# [ASSIGNMENT]
Go through the data below and work out how many lines contain "Rectangle"; the answer is the number alone.

(DATA LISTING)

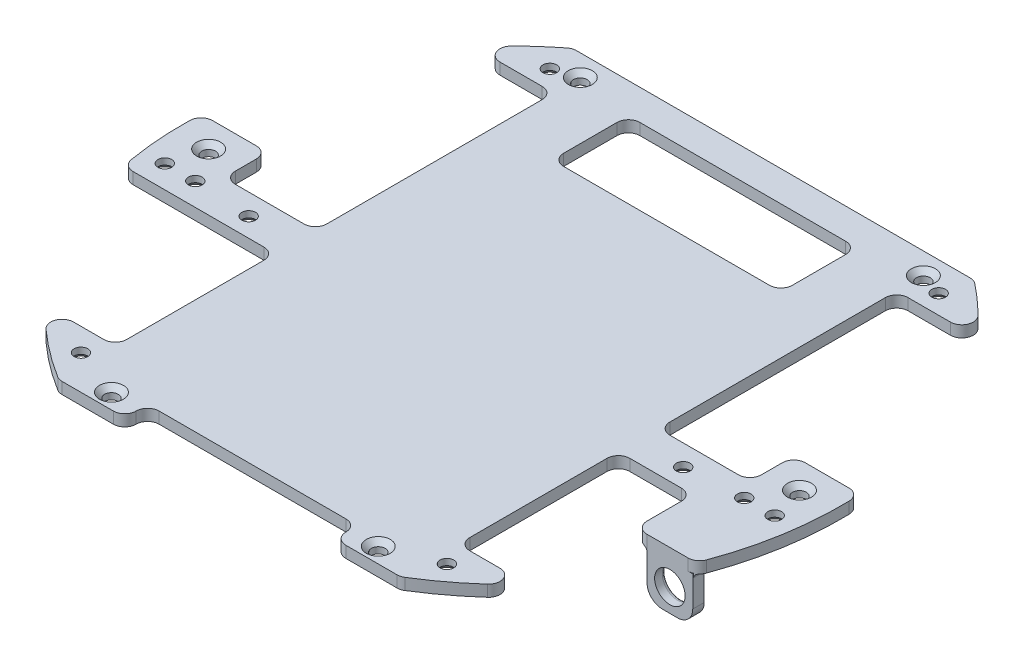
from build123d import *

# Parameters (mm, degrees)
BOSS_EXTRUDE1_DEPTH                           = 3
CSK_FOR_M3_COUNTERSUNK_FLAT_HEAD_SCR_2_COUNT  = 2
CSK_FOR_M3_COUNTERSUNK_FLAT_HEAD_SCR_2_PITCH  = 90
CSK_FOR_M3_COUNTERSUNK_FLAT_HEAD_SCR_3_COUNT  = 2
CSK_FOR_M3_COUNTERSUNK_FLAT_HEAD_SCR_3_PITCH  = 138.676782484
CSK_FOR_M3_COUNTERSUNK_FLAT_HEAD_SCR_4_COUNT  = 2
CSK_FOR_M3_COUNTERSUNK_FLAT_HEAD_SCR_4_PITCH  = 72.672209269
CSK_FOR_M3_COUNTERSUNK_FLAT_HEAD_SCR_5_COUNT  = 2
CSK_FOR_M3_COUNTERSUNK_FLAT_HEAD_SCR_5_PITCH  = 133.375410027
CSK_FOR_M3_COUNTERSUNK_FLAT_HEAD_SCR_6_COUNT  = 2
CSK_FOR_M3_COUNTERSUNK_FLAT_HEAD_SCR_6_PITCH  = 155.206314305
CSK_FOR_M3_COUNTERSUNK_FLAT_HEAD_SCR_7_COUNT  = 2
CSK_FOR_M3_COUNTERSUNK_FLAT_HEAD_SCR_7_PITCH  = 102
CSK_FOR_M3_COUNTERSUNK_FLAT_HEAD_SCR_8_COUNT  = 2
CSK_FOR_M3_COUNTERSUNK_FLAT_HEAD_SCR_8_PITCH  = 126.035709226
CSK_FOR_M3_COUNTERSUNK_FLAT_HEAD_SCR_9_COUNT  = 2
CSK_FOR_M3_COUNTERSUNK_FLAT_HEAD_SCR_9_PITCH  = 160.240444333
CSK_FOR_M3_COUNTERSUNK_FLAT_HEAD_SCR_10_COUNT = 2
CSK_FOR_M3_COUNTERSUNK_FLAT_HEAD_SCR_10_PITCH = 77.620873481
CSK_FOR_M3_COUNTERSUNK_FLAT_HEAD_SCR_11_COUNT = 2
CSK_FOR_M3_COUNTERSUNK_FLAT_HEAD_SCR_11_PITCH = 149.48244044
CSK_FOR_M3_COUNTERSUNK_FLAT_HEAD_SCR_12_COUNT = 2
CSK_FOR_M3_COUNTERSUNK_FLAT_HEAD_SCR_12_PITCH = 73.246160309
CSK_FOR_M3_COUNTERSUNK_FLAT_HEAD_SCR_13_COUNT = 2
CSK_FOR_M3_COUNTERSUNK_FLAT_HEAD_SCR_13_PITCH = 130.357201566
CSK_FOR_M3_COUNTERSUNK_FLAT_HEAD_SCR_14_COUNT = 2
CSK_FOR_M3_COUNTERSUNK_FLAT_HEAD_SCR_14_PITCH = 142.523682243
CSK_FOR_M3_COUNTERSUNK_FLAT_HEAD_SCR_15_COUNT = 2
CSK_FOR_M3_COUNTERSUNK_FLAT_HEAD_SCR_15_PITCH = 75
SKETCH14_W                                    = 60
SKETCH14_H                                    = 20
CUT_EXTRUDE1_DEPTH                            = 123.366253518
FILLET1_R                                     = 3
BOSS_EXTRUDE3_REACH                           = 115.874
SKETCH21_W                                    = 12
SKETCH21_H                                    = 12
SKETCH21_R                                    = 4
SKETCH21_2_W                                  = 12
SKETCH21_2_H                                  = 12
CUT_EXTRUDE3_DEPTH                            = 29
FILLET2_R                                     = 4
FILLET3_R                                     = 1


with BuildPart() as part:
    # Sketch1 → Boss-Extrude1 (new body)
    with BuildSketch(Plane(origin=(0, 0, 0), x_dir=(1, 0, 0), z_dir=(0, 1, 0))):
        with BuildLine():
            Line((-52.657863609, 68.625063935), (52.657863609, 68.625063935))
            ThreePointArc((52.657863609, 68.625063935), (0, -86.5), (-52.657863609, 68.625063935))
        make_face()
    extrude(amount=BOSS_EXTRUDE1_DEPTH)

    # Sketch9 → CSK for M3 Countersunk Flat Head Screw3 (revolve, cut)
    with BuildSketch(Plane(origin=(-45, 3, -63), x_dir=(0, 0, 1), z_dir=(1, 0, 0))):
        Polygon((0, 0), (0, 3), (1.8, 3), (1.8, 1.35), (3.15, 0), align=None)
    csk_for_m3_countersunk_flat_head_screw3 = revolve(axis=Axis((-45, 9.35, -63), (0, -1, 0)), mode=Mode.SUBTRACT)

    # CSK for M3 Countersunk Flat Head Scr 2: CSK for M3 Countersunk Flat Head Screw3 ×2
    with Locations(*[(i * CSK_FOR_M3_COUNTERSUNK_FLAT_HEAD_SCR_2_PITCH, 0, 0) for i in range(1, CSK_FOR_M3_COUNTERSUNK_FLAT_HEAD_SCR_2_COUNT)]):
        add(csk_for_m3_countersunk_flat_head_screw3, mode=Mode.SUBTRACT)

    # CSK for M3 Countersunk Flat Head Scr 3: CSK for M3 Countersunk Flat Head Screw3 ×2
    with Locations(*[Vector(0.8833490206949295, 0, 0.46871580689935033) * (i * CSK_FOR_M3_COUNTERSUNK_FLAT_HEAD_SCR_3_PITCH) for i in range(1, CSK_FOR_M3_COUNTERSUNK_FLAT_HEAD_SCR_3_COUNT)]):
        add(csk_for_m3_countersunk_flat_head_screw3, mode=Mode.SUBTRACT)

    # CSK for M3 Countersunk Flat Head Scr 4: CSK for M3 Countersunk Flat Head Screw3 ×2
    with Locations(*[Vector(-0.4472135954999581, 0, 0.894427190999916) * (i * CSK_FOR_M3_COUNTERSUNK_FLAT_HEAD_SCR_4_PITCH) for i in range(1, CSK_FOR_M3_COUNTERSUNK_FLAT_HEAD_SCR_4_COUNT)]):
        add(csk_for_m3_countersunk_flat_head_screw3, mode=Mode.SUBTRACT)

    # CSK for M3 Countersunk Flat Head Scr 5: CSK for M3 Countersunk Flat Head Screw3 ×2
    with Locations(*[Vector(0.07497633932626105, 0, 0.9971853130392733) * (i * CSK_FOR_M3_COUNTERSUNK_FLAT_HEAD_SCR_5_PITCH) for i in range(1, CSK_FOR_M3_COUNTERSUNK_FLAT_HEAD_SCR_5_COUNT)]):
        add(csk_for_m3_countersunk_flat_head_screw3, mode=Mode.SUBTRACT)

    # CSK for M3 Countersunk Flat Head Scr 6: CSK for M3 Countersunk Flat Head Screw3 ×2
    with Locations(*[Vector(0.5154429467542566, 0, 0.8569238989789517) * (i * CSK_FOR_M3_COUNTERSUNK_FLAT_HEAD_SCR_6_PITCH) for i in range(1, CSK_FOR_M3_COUNTERSUNK_FLAT_HEAD_SCR_6_COUNT)]):
        add(csk_for_m3_countersunk_flat_head_screw3, mode=Mode.SUBTRACT)

    # Sketch13 → CSK for M3 Countersunk Flat Head Screw4 (revolve, cut)
    with BuildSketch(Plane(origin=(-51, 0, -61), x_dir=(0, 0, -1), z_dir=(1, 0, 0))):
        Polygon((0, 0), (0, 3), (1.8, 3), (1.8, 1.35), (3.15, 0), align=None)
    csk_for_m3_countersunk_flat_head_screw4 = revolve(axis=Axis((-51, -6.35, -61), (0, 1, 0)), mode=Mode.SUBTRACT)

    # CSK for M3 Countersunk Flat Head Scr 7: CSK for M3 Countersunk Flat Head Screw4 ×2
    with Locations(*[(i * CSK_FOR_M3_COUNTERSUNK_FLAT_HEAD_SCR_7_PITCH, 0, 0) for i in range(1, CSK_FOR_M3_COUNTERSUNK_FLAT_HEAD_SCR_7_COUNT)]):
        add(csk_for_m3_countersunk_flat_head_screw4, mode=Mode.SUBTRACT)

    # CSK for M3 Countersunk Flat Head Scr 8: CSK for M3 Countersunk Flat Head Screw4 ×2
    with Locations(*[Vector(0.023802777946288843, 0, 0.9997166737441362) * (i * CSK_FOR_M3_COUNTERSUNK_FLAT_HEAD_SCR_8_PITCH) for i in range(1, CSK_FOR_M3_COUNTERSUNK_FLAT_HEAD_SCR_8_COUNT)]):
        add(csk_for_m3_countersunk_flat_head_screw4, mode=Mode.SUBTRACT)

    # CSK for M3 Countersunk Flat Head Scr 9: CSK for M3 Countersunk Flat Head Screw4 ×2
    with Locations(*[Vector(0.6178215519319036, 0, 0.7863183388224227) * (i * CSK_FOR_M3_COUNTERSUNK_FLAT_HEAD_SCR_9_PITCH) for i in range(1, CSK_FOR_M3_COUNTERSUNK_FLAT_HEAD_SCR_9_COUNT)]):
        add(csk_for_m3_countersunk_flat_head_screw4, mode=Mode.SUBTRACT)

    # CSK for M3 Countersunk Flat Head Scr 10: CSK for M3 Countersunk Flat Head Screw4 ×2
    with Locations(*[Vector(-0.373610843312482, 0, 0.9275855420171965) * (i * CSK_FOR_M3_COUNTERSUNK_FLAT_HEAD_SCR_10_PITCH) for i in range(1, CSK_FOR_M3_COUNTERSUNK_FLAT_HEAD_SCR_10_COUNT)]):
        add(csk_for_m3_countersunk_flat_head_screw4, mode=Mode.SUBTRACT)

    # CSK for M3 Countersunk Flat Head Scr 11: CSK for M3 Countersunk Flat Head Screw4 ×2
    with Locations(*[Vector(0.8763571133445796, 0, 0.4816619248916773) * (i * CSK_FOR_M3_COUNTERSUNK_FLAT_HEAD_SCR_11_PITCH) for i in range(1, CSK_FOR_M3_COUNTERSUNK_FLAT_HEAD_SCR_11_COUNT)]):
        add(csk_for_m3_countersunk_flat_head_screw4, mode=Mode.SUBTRACT)

    # CSK for M3 Countersunk Flat Head Scr 12: CSK for M3 Countersunk Flat Head Screw4 ×2
    with Locations(*[Vector(-0.08191555672945391, 0, 0.996639273541688) * (i * CSK_FOR_M3_COUNTERSUNK_FLAT_HEAD_SCR_12_PITCH) for i in range(1, CSK_FOR_M3_COUNTERSUNK_FLAT_HEAD_SCR_12_COUNT)]):
        add(csk_for_m3_countersunk_flat_head_screw4, mode=Mode.SUBTRACT)

    # CSK for M3 Countersunk Flat Head Scr 13: CSK for M3 Countersunk Flat Head Screw4 ×2
    with Locations(*[Vector(0.8284927775601016, 0, 0.559999747795254) * (i * CSK_FOR_M3_COUNTERSUNK_FLAT_HEAD_SCR_13_PITCH) for i in range(1, CSK_FOR_M3_COUNTERSUNK_FLAT_HEAD_SCR_13_COUNT)]):
        add(csk_for_m3_countersunk_flat_head_screw4, mode=Mode.SUBTRACT)

    # CSK for M3 Countersunk Flat Head Scr 14: CSK for M3 Countersunk Flat Head Screw4 ×2
    with Locations(*[Vector(0.8630144693469346, 0, 0.5051792015689374) * (i * CSK_FOR_M3_COUNTERSUNK_FLAT_HEAD_SCR_14_PITCH) for i in range(1, CSK_FOR_M3_COUNTERSUNK_FLAT_HEAD_SCR_14_COUNT)]):
        add(csk_for_m3_countersunk_flat_head_screw4, mode=Mode.SUBTRACT)

    # CSK for M3 Countersunk Flat Head Scr 15: CSK for M3 Countersunk Flat Head Screw4 ×2
    with Locations(*[Vector(-0.2800000000000003, 0, 0.96) * (i * CSK_FOR_M3_COUNTERSUNK_FLAT_HEAD_SCR_15_PITCH) for i in range(1, CSK_FOR_M3_COUNTERSUNK_FLAT_HEAD_SCR_15_COUNT)]):
        add(csk_for_m3_countersunk_flat_head_screw4, mode=Mode.SUBTRACT)

    # Sketch14 → Cut-Extrude1 (cut, through all)
    with BuildSketch(Plane(origin=(0, 3, 0), x_dir=(1, 0, 0), z_dir=(0, 1, 0))):
        with BuildLine():
            Line((65.926094985, 56), (45, 56))
            Line((45, 56), (45, 5))
            Line((45, 5), (45, -6.5))
            Line((45, -6.5), (69, -6.5))
            Line((69, -6.5), (69, 5))
            Line((69, 5), (86.355370418, 5))
            ThreePointArc((86.355370418, 5), (80.297329821, 32.165024851), (65.926094985, 56))
        make_face()
        with BuildLine():
            Line((64.5, -17), (45, -17))
            Line((45, -17), (45, -59))
            Line((45, -59), (63.255434549, -59))
            ThreePointArc((63.255434549, -59), (73.067302991, -46.297075864), (80.363237864, -32))
            Line((80.363237864, -32), (64.5, -32))
            Line((64.5, -32), (64.5, -17))
        make_face()
        with BuildLine():
            Line((-45, -59), (-63.255434549, -59))
            ThreePointArc((-63.255434549, -59), (-73.067302991, -46.297075864), (-80.363237864, -32))
            ThreePointArc((-80.363237864, -32), (-82.927979827, -24.600816282), (-84.813029659, -17))
            Line((-84.813029659, -17), (-64.5, -17))
            Line((-64.5, -17), (-45, -17))
            Line((-45, -17), (-45, -59))
        make_face()
        with BuildLine():
            Line((-69, 5), (-86.355370418, 5))
            ThreePointArc((-86.355370418, 5), (-80.297329821, 32.165024851), (-65.926094985, 56))
            Line((-65.926094985, 56), (-45, 56))
            Line((-45, 56), (-45, 5))
            Line((-45, 5), (-45, -6.5))
            Line((-45, -6.5), (-69, -6.5))
            Line((-69, -6.5), (-69, 5))
        make_face()
        with Locations((0, 50.625063935)):
            Rectangle(SKETCH14_W, SKETCH14_H)
        with BuildLine():
            Line((44.791182168, -74), (27.5, -74))
            Line((27.5, -74), (27.5, -68))
            Line((27.5, -68), (-27.5, -68))
            Line((-27.5, -68), (-27.5, -74))
            Line((-27.5, -74), (-44.791182168, -74))
            ThreePointArc((-44.791182168, -74), (0, -86.5), (44.791182168, -74))
        make_face()
    extrude(amount=-CUT_EXTRUDE1_DEPTH, mode=Mode.SUBTRACT)

    # Fillet1
    fillet1_edges = [part.edges().sort_by_distance(p)[0] for p in [
        (65.926094985, 1.5, -56),
        (45, 1.5, -56),
        (86.355370418, 1.5, -5),
        (45, 1.5, 17),
        (45, 1.5, 59),
        (63.255434549, 1.5, 59),
        (-63.255434549, 1.5, 59),
        (-45, 1.5, 59),
        (-84.813029659, 1.5, 17),
        (-45, 1.5, 17),
        (-86.355370418, 1.5, -5),
        (-65.926094985, 1.5, -56),
        (-45, 1.5, -56),
        (-30, 1.5, -40.625063935),
        (-30, 1.5, -60.625063935),
        (30, 1.5, -40.625063935),
        (30, 1.5, -60.625063935),
        (80.363237864, 1.5, 32),
        (64.5, 1.5, 32),
        (64.5, 1.5, 17),
        (-52.657863609, 1.5, -68.625063935),
        (52.657863609, 1.5, -68.625063935),
        (44.791182168, 1.5, 74),
        (-27.5, 1.5, 74),
        (-27.5, 1.5, 68),
        (27.5, 1.5, 68),
        (27.5, 1.5, 74),
        (-44.791182168, 1.5, 74),
        (-69, 1.5, 6.5),
        (-69, 1.5, -5),
        (-45, 1.5, 6.5),
        (69, 1.5, -5),
        (69, 1.5, 6.5),
        (45, 1.5, 6.5),
    ]]
    fillet(fillet1_edges, radius=FILLET1_R - 0.0001)  # a hair under: the kernel refuses the full size

    # Boss-Extrude3: up to this face of the body (flat: up to its plane)
    boss_extrude3_end = Plane(part.part.faces().sort_by_distance((72.901134209, 1.5, 32))[0])
    # Sketch21 → Boss-Extrude3 (add, up to the picked face)
    with BuildSketch(Plane.XY, mode=Mode.PRIVATE) as boss_extrude3_sk1:
        with Locations((73.5, -6)):
            Rectangle(SKETCH21_W, SKETCH21_H)
        with Locations(Location((73.5, -6, 0), (0, 0, 180))):
            Circle(SKETCH21_R, mode=Mode.SUBTRACT)
    boss_extrude3_tool1 = split(extrude(boss_extrude3_sk1.sketch, amount=BOSS_EXTRUDE3_REACH, mode=Mode.PRIVATE), bisect_by=boss_extrude3_end, keep=Keep.BOTH, mode=Mode.PRIVATE)
    add(boss_extrude3_tool1.solids().sort_by(Axis((73.5, -0.169706, 0), (0, 0, 1)))[0])

    # Sketch21<2> → Cut-Extrude3 (cut)
    with BuildSketch(Plane.XY):
        with Locations((73.5, -6)):
            Rectangle(SKETCH21_2_W, SKETCH21_2_H)
    extrude(amount=CUT_EXTRUDE3_DEPTH, mode=Mode.SUBTRACT)

    # Fillet2
    fillet2_edges = [part.edges().sort_by_distance(p)[0] for p in [
        (79.5, -12, 30.5),
        (67.5, -12, 30.5),
    ]]
    fillet(fillet2_edges, radius=FILLET2_R)

    # Fillet3
    fillet3_edges = [part.edges().sort_by_distance(p)[0] for p in [
        (79.5, 0, 30.375284399),
        (67.5, 0, 30.5),
        (77.5, -6, 29),
    ]]
    fillet(fillet3_edges, radius=FILLET3_R)


solid = part.part

(End DATA LISTING)

# [RESULT OF THIS EXERCISE]
3